The ingredients of orally-accepted vehicle are similar to those discussed above. However, the orally-accepted vehicle will vary depending on the desired consistency and desired end product of the oral composition. For instance, a mouthwash is in a liquid form, so liquid carriers, typically carriers having a high percentage of water, should be used. On the other hand, a gel dentifrice should be in the form of a gel and would utilize gelling agents or other carriers that enable the final product to be in the form of a gel. The orally-accepted vehicle should have properties that both allow the active agent composition to be delivered while also providing the final product with the desired consistency.
The oral composition may also be in the form of chewing gum, a breath strip, a lozenge, or a breath mint. Chewing gum is typically a combination of a water-insoluble phase, or gum base, and a water-soluble phase of sweeteners, flavoring and/or food coloring. Other components may also be added to the gum, including breath-freshening additives such as zinc and phosphate salts, teeth-whitening additives such as silica, and plaque-reducing additives to moderate dental plaque. Suitable gum compositions may be found in U.S. Pat. Nos. 6,416,744 and 6,592,849, both of which are herein incorporated by reference in their entirety.
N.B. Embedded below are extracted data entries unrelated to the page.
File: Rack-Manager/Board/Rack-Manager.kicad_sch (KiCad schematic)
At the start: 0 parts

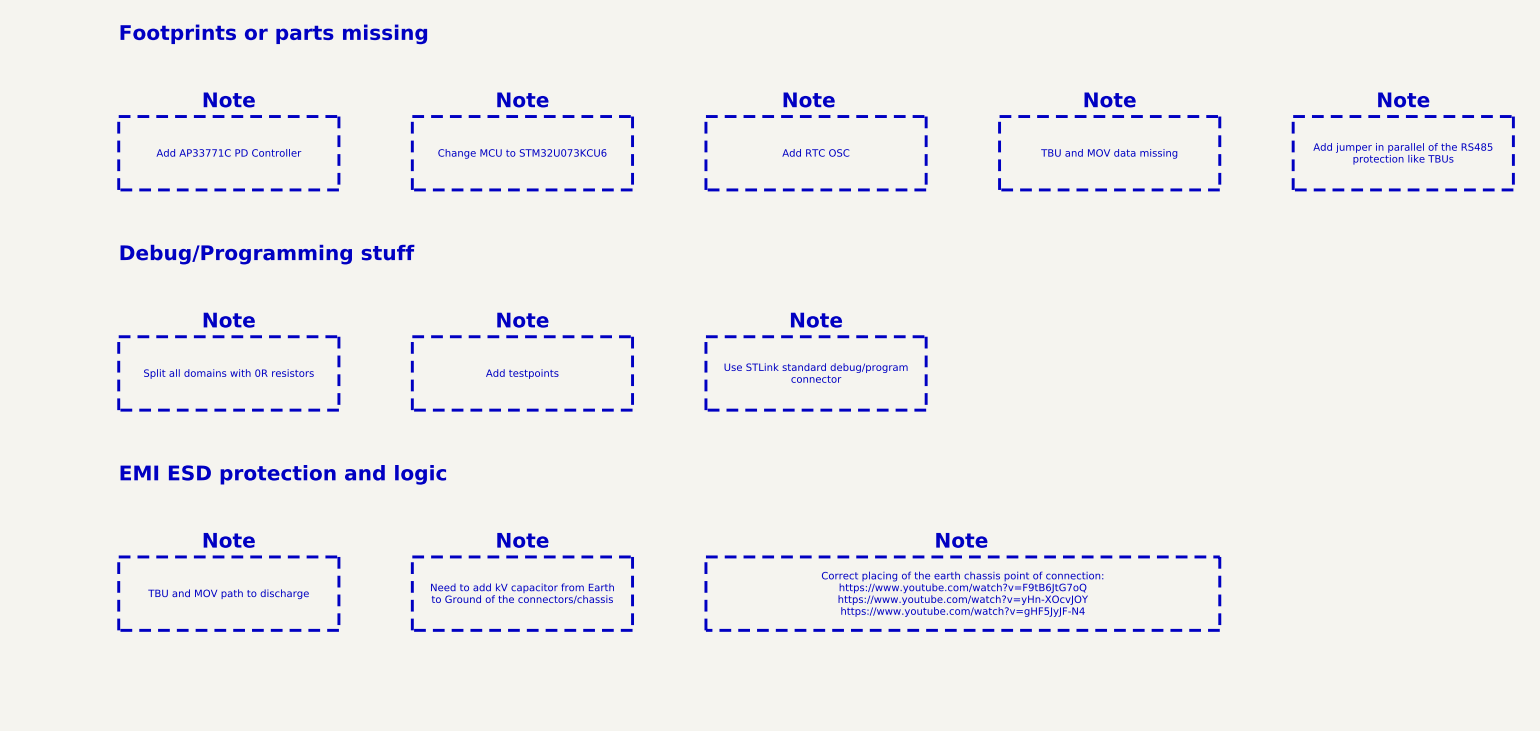
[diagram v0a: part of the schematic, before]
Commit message: Updated .gitignore, added USB-C sink controller and fix earth on GDT
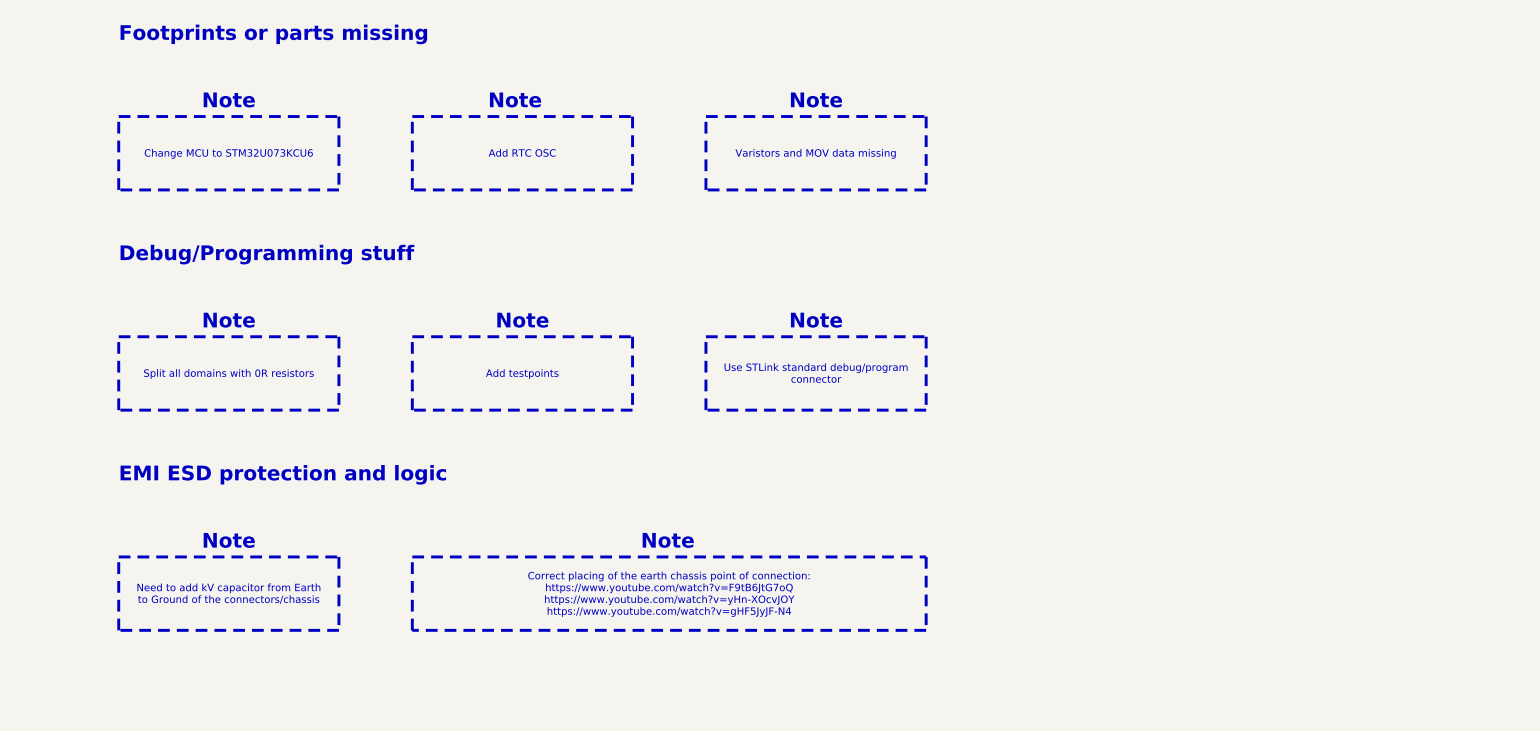
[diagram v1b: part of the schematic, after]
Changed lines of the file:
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@@
 	(text "Note"
 		(exclude_from_sim no)
-		(at 436.88 48.26 0)
-		(effects
-			(font
-				(size 2.54 2.54)
-				(thickness 0.508)
-				(bold yes)
-				(color 194 0 0 1)
-			)
-		)
-	)
-	(text "Note"
-		(exclude_from_sim no)
-		(at 387.35 124.46 0)
+		(at 386.08 48.26 0)
+		(effects
+			(font
+				(size 2.54 2.54)
+				(thickness 0.508)
+				(bold yes)
+				(color 194 0 0 1)
+			)
+		)
+	)
+	(text "Note"
+		(exclude_from_sim no)
+		(at 336.55 124.46 0)
 		(effects
 			(font
@@
 	(text "Note"
 		(exclude_from_sim no)
-		(at 488.95 48.26 0)
-		(effects
-			(font
-				(size 2.54 2.54)
-				(thickness 0.508)
-				(bold yes)
-				(color 194 0 0 1)
-			)
-		)
-	)
-	(text "Note"
-		(exclude_from_sim no)
-		(at 336.55 124.46 0)
-		(effects
-			(font
-				(size 2.54 2.54)
-				(thickness 0.508)
-				(bold yes)
-				(color 194 0 0 1)
-			)
-		)
-	)
-	(text "Note"
-		(exclude_from_sim no)
-		(at 463.296 124.46 0)
+		(at 438.15 48.26 0)
+		(effects
+			(font
+				(size 2.54 2.54)
+				(thickness 0.508)
+				(bold yes)
+				(color 194 0 0 1)
+			)
+		)
+	)
+	(text "Note"
+		(exclude_from_sim no)
+		(at 412.496 124.46 0)
 		(effects
 			(font
@@
 	(text "Note"
 		(exclude_from_sim no)
-		(at 539.75 48.26 0)
-		(effects
-			(font
-				(size 2.54 2.54)
-				(thickness 0.508)
-				(bold yes)
-				(color 194 0 0 1)
-			)
-		)
-	)
-	(text "Note"
-		(exclude_from_sim no)
 		(at 438.15 86.36 0)
 		(effects
@@
 	(text "Note"
 		(exclude_from_sim no)
-		(at 387.35 48.26 0)
-		(effects
-			(font
-				(size 2.54 2.54)
-				(thickness 0.508)
-				(bold yes)
-				(color 194 0 0 1)
-			)
-		)
-	)
-	(text "Note"
-		(exclude_from_sim no)
 		(at 387.35 86.36 0)
 		(effects
@@
 	(text_box "Need to add kV capacitor from Earth to Ground of the connectors/chassis"
 		(exclude_from_sim no)
+		(at 317.5 127 0)
+		(size 38.1 12.7)
+		(margins 0.9525 0.9525 0.9525 0.9525)
+		(stroke
+			(width 0.508)
+			(type dot)
+			(color 194 0 0 1)
+		)
+		(fill
+			(type color)
+			(color 255 165 169 1)
+		)
+		(effects
+			(font
+				(size 1.27 1.27)
+			)
+		)
+	)
+	(text_box "Split all domains with 0R resistors"
+		(exclude_from_sim no)
+		(at 317.5 88.9 0)
+		(size 38.1 12.7)
+		(margins 0.9525 0.9525 0.9525 0.9525)
+		(stroke
+			(width 0.508)
+			(type dot)
+			(color 194 0 0 1)
+		)
+		(fill
+			(type color)
+			(color 255 165 169 1)
+		)
+		(effects
+			(font
+				(size 1.27 1.27)
+			)
+		)
+	)
+	(text_box "Change MCU to STM32U073KCU6"
+		(exclude_from_sim no)
+		(at 317.5 50.8 0)
+		(size 38.1 12.7)
+		(margins 0.9525 0.9525 0.9525 0.9525)
+		(stroke
+			(width 0.508)
+			(type dot)
+			(color 194 0 0 1)
+		)
+		(fill
+			(type color)
+			(color 255 165 169 1)
+		)
+		(effects
+			(font
+				(size 1.27 1.27)
+			)
+		)
+	)
+	(text_box "Varistors and MOV data missing"
+		(exclude_from_sim no)
+		(at 419.1 50.8 0)
+		(size 38.1 12.7)
+		(margins 0.9525 0.9525 0.9525 0.9525)
+		(stroke
+			(width 0.508)
+			(type dot)
+			(color 194 0 0 1)
+		)
+		(fill
+			(type color)
+			(color 255 165 169 1)
+		)
+		(effects
+			(font
+				(size 1.27 1.27)
+			)
+		)
+	)
+	(text_box "Add RTC OSC"
+		(exclude_from_sim no)
+		(at 368.3 50.8 0)
+		(size 38.1 12.7)
+		(margins 0.9525 0.9525 0.9525 0.9525)
+		(stroke
+			(width 0.508)
+			(type dot)
+			(color 194 0 0 1)
+		)
+		(fill
+			(type color)
+			(color 255 165 169 1)
+		)
+		(effects
+			(font
+				(size 1.27 1.27)
+			)
+		)
+	)
+	(text_box "Use STLink standard debug/program connector"
+		(exclude_from_sim no)
+		(at 419.1 88.9 0)
+		(size 38.1 12.7)
+		(margins 0.9525 0.9525 0.9525 0.9525)
+		(stroke
+			(width 0.508)
+			(type dot)
+			(color 194 0 0 1)
+		)
+		(fill
+			(type color)
+			(color 255 165 169 1)
+		)
+		(effects
+			(font
+				(size 1.27 1.27)
+			)
+		)
+	)
+	(text_box "Add testpoints"
+		(exclude_from_sim no)
+		(at 368.3 88.9 0)
+		(size 38.1 12.7)
+		(margins 0.9525 0.9525 0.9525 0.9525)
+		(stroke
+			(width 0.508)
+			(type dot)
+			(color 194 0 0 1)
+		)
+		(fill
+			(type color)
+			(color 255 165 169 1)
+		)
+		(effects
+			(font
+				(size 1.27 1.27)
+			)
+		)
+	)
+	(text_box "Correct placing of the earth chassis point of connection:\nhttps://www.youtube.com/watch?v=F9tB6JtG7oQ\nhttps://www.youtube.com/watch?v=yHn-XOcvJOY\nhttps://www.youtube.com/watch?v=gHF5JyJF-N4"
+		(exclude_from_sim no)
 		(at 368.3 127 0)
-		(size 38.1 12.7)
-		(margins 0.9525 0.9525 0.9525 0.9525)
-		(stroke
-			(width 0.508)
-			(type dot)
-			(color 194 0 0 1)
-		)
-		(fill
-			(type color)
-			(color 255 165 169 1)
-		)
-		(effects
-			(font
-				(size 1.27 1.27)
-			)
-		)
-	)
-	(text_box "Add jumper in parallel of the RS485 protection like TBUs"
-		(exclude_from_sim no)
-		(at 520.7 50.8 0)
-		(size 38.1 12.7)
-		(margins 0.9525 0.9525 0.9525 0.9525)
-		(stroke
-			(width 0.508)
-			(type dot)
-			(color 194 0 0 1)
-		)
-		(fill
-			(type color)
-			(color 255 165 169 1)
-		)
-		(effects
-			(font
-				(size 1.27 1.27)
-			)
-		)
-	)
-	(text_box "Split all domains with 0R resistors"
-		(exclude_from_sim no)
-		(at 317.5 88.9 0)
-		(size 38.1 12.7)
-		(margins 0.9525 0.9525 0.9525 0.9525)
-		(stroke
-			(width 0.508)
-			(type dot)
-			(color 194 0 0 1)
-		)
-		(fill
-			(type color)
-			(color 255 165 169 1)
-		)
-		(effects
-			(font
-				(size 1.27 1.27)
-			)
-		)
-	)
-	(text_box "Change MCU to STM32U073KCU6"
-		(exclude_from_sim no)
-		(at 368.3 50.8 0)
-		(size 38.1 12.7)
-		(margins 0.9525 0.9525 0.9525 0.9525)
-		(stroke
-			(width 0.508)
-			(type dot)
-			(color 194 0 0 1)
-		)
-		(fill
-			(type color)
-			(color 255 165 169 1)
-		)
-		(effects
-			(font
-				(size 1.27 1.27)
-			)
-		)
-	)
-	(text_box "TBU and MOV path to discharge"
-		(exclude_from_sim no)
-		(at 317.5 127 0)
-		(size 38.1 12.7)
-		(margins 0.9525 0.9525 0.9525 0.9525)
-		(stroke
-			(width 0.508)
-			(type dot)
-			(color 194 0 0 1)
-		)
-		(fill
-			(type color)
-			(color 255 165 169 1)
-		)
-		(effects
-			(font
-				(size 1.27 1.27)
-			)
-		)
-	)
-	(text_box "TBU and MOV data missing"
-		(exclude_from_sim no)
-		(at 469.9 50.8 0)
-		(size 38.1 12.7)
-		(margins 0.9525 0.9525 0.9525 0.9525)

Breath strips are similar to chewing gum, except that the strips are designed to dissolve in the mouth, often absorbed through the tongue. The strips can deliver bioactive ingredients to freshen the mouth as well functional bioactive ingredients, such as vitamins, minerals, supplements, pharmaceuticals, and vaccines.
Lozenges and breath mints are typically discoid-shaped solids that contain a therapeutic agent in a flavored base. The base may be a hard sugar candy, glycerinated gelatin or combination of sugar with sufficient mucilage to give the composition requisite form. The active agent may represent the therapeutic agent, or it may be added in addition to therapeutic agents known in the art. Suitable lozenge and breath mint compositions are disclosed in U.S. Pat. No. 7,025,950, herein incorporated by reference in its entirety.
The oral composition may also be in the form of a cleaning preparation for a dental apparatus that is placed in the oral cavity. Dental apparatuses such as dentures, dental dams, and certain types of orthodontic braces are placed in the oral cavity for a period of time, and then periodically removed for cleaning. The cleaning composition used to clean the dental apparatuses should function in its customary manner of cleaning the apparatus, but may also contain therapeutic agents that can assist in treating or preventing dental plaque, gingival diseases, periodontal diseases, and oral infection when the dental apparatuses are in contact with the oral cavity. Cleaning compositions such as effervescent cleansers made with alkaline mixtures containing a chlorine compounds and the like are known in the art. Suitable cleaning compositions for dental apparatuses are disclosed in U.S. Pat. No. 3,936,385, herein incorporated by reference in its entirety. The active agent may be added to the cleaning compositions in a manner than enables it to coat the dental apparatus upon contact. After the dental apparatus has been introduced into the oral cavity, the active agent can interact with the teeth and other elements of the oral cavity in a therapeutically effective manner, i.e. to prevent dental plaque, gingival diseases, periodontal diseases, and/or oral infection.
This invention also relates to an article for oral use comprising a dental article and a active agent. The active agent has the chemical formula set forth above, and is coated on, encapsulated in, or impregnated in the dental article. Additional components that may be included in the active agent compositions are also set forth above.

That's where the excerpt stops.